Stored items
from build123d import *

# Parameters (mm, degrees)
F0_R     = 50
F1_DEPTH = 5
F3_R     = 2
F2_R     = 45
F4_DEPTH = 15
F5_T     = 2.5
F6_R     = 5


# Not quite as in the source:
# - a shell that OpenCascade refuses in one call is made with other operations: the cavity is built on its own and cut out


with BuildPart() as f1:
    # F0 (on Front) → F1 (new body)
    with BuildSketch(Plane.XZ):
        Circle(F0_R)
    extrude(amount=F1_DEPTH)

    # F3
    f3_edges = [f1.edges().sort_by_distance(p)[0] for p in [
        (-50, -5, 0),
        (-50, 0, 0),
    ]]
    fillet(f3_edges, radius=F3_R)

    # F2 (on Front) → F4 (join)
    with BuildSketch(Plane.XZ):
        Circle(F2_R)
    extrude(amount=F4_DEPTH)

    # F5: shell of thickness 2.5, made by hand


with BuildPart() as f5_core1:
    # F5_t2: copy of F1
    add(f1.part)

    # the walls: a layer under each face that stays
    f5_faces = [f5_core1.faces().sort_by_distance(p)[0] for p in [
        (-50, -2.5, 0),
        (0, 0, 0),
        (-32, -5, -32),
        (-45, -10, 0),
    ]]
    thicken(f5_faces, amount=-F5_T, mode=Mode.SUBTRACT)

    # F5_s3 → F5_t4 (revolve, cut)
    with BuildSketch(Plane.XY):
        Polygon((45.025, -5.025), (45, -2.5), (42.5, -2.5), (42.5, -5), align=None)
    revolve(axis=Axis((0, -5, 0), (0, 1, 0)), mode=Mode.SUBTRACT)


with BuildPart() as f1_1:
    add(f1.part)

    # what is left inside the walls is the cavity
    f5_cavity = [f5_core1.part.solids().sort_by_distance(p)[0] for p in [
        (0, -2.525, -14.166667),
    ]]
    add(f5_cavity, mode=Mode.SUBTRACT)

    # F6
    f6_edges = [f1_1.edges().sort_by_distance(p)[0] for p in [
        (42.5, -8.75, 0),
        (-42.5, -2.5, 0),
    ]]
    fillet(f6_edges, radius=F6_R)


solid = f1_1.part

Try it: Every record above must be repeated word for word.

Expected output:
from build123d import *

# Parameters (mm, degrees)
F0_R     = 50
F1_DEPTH = 5
F3_R     = 2
F2_R     = 45
F4_DEPTH = 15
F5_T     = 2.5
F6_R     = 5


# Not quite as in the source:
# - a shell that OpenCascade refuses in one call is made with other operations: the cavity is built on its own and cut out


with BuildPart() as f1:
    # F0 (on Front) → F1 (new body)
    with BuildSketch(Plane.XZ):
        Circle(F0_R)
    extrude(amount=F1_DEPTH)

    # F3
    f3_edges = [f1.edges().sort_by_distance(p)[0] for p in [
        (-50, -5, 0),
        (-50, 0, 0),
    ]]
    fillet(f3_edges, radius=F3_R)

    # F2 (on Front) → F4 (join)
    with BuildSketch(Plane.XZ):
        Circle(F2_R)
    extrude(amount=F4_DEPTH)

    # F5: shell of thickness 2.5, made by hand


with BuildPart() as f5_core1:
    # F5_t2: copy of F1
    add(f1.part)

    # the walls: a layer under each face that stays
    f5_faces = [f5_core1.faces().sort_by_distance(p)[0] for p in [
        (-50, -2.5, 0),
        (0, 0, 0),
        (-32, -5, -32),
        (-45, -10, 0),
    ]]
    thicken(f5_faces, amount=-F5_T, mode=Mode.SUBTRACT)

    # F5_s3 → F5_t4 (revolve, cut)
    with BuildSketch(Plane.XY):
        Polygon((45.025, -5.025), (45, -2.5), (42.5, -2.5), (42.5, -5), align=None)
    revolve(axis=Axis((0, -5, 0), (0, 1, 0)), mode=Mode.SUBTRACT)


with BuildPart() as f1_1:
    add(f1.part)

    # what is left inside the walls is the cavity
    f5_cavity = [f5_core1.part.solids().sort_by_distance(p)[0] for p in [
        (0, -2.525, -14.166667),
    ]]
    add(f5_cavity, mode=Mode.SUBTRACT)

    # F6
    f6_edges = [f1_1.edges().sort_by_distance(p)[0] for p in [
        (42.5, -8.75, 0),
        (-42.5, -2.5, 0),
    ]]
    fillet(f6_edges, radius=F6_R)


solid = f1_1.part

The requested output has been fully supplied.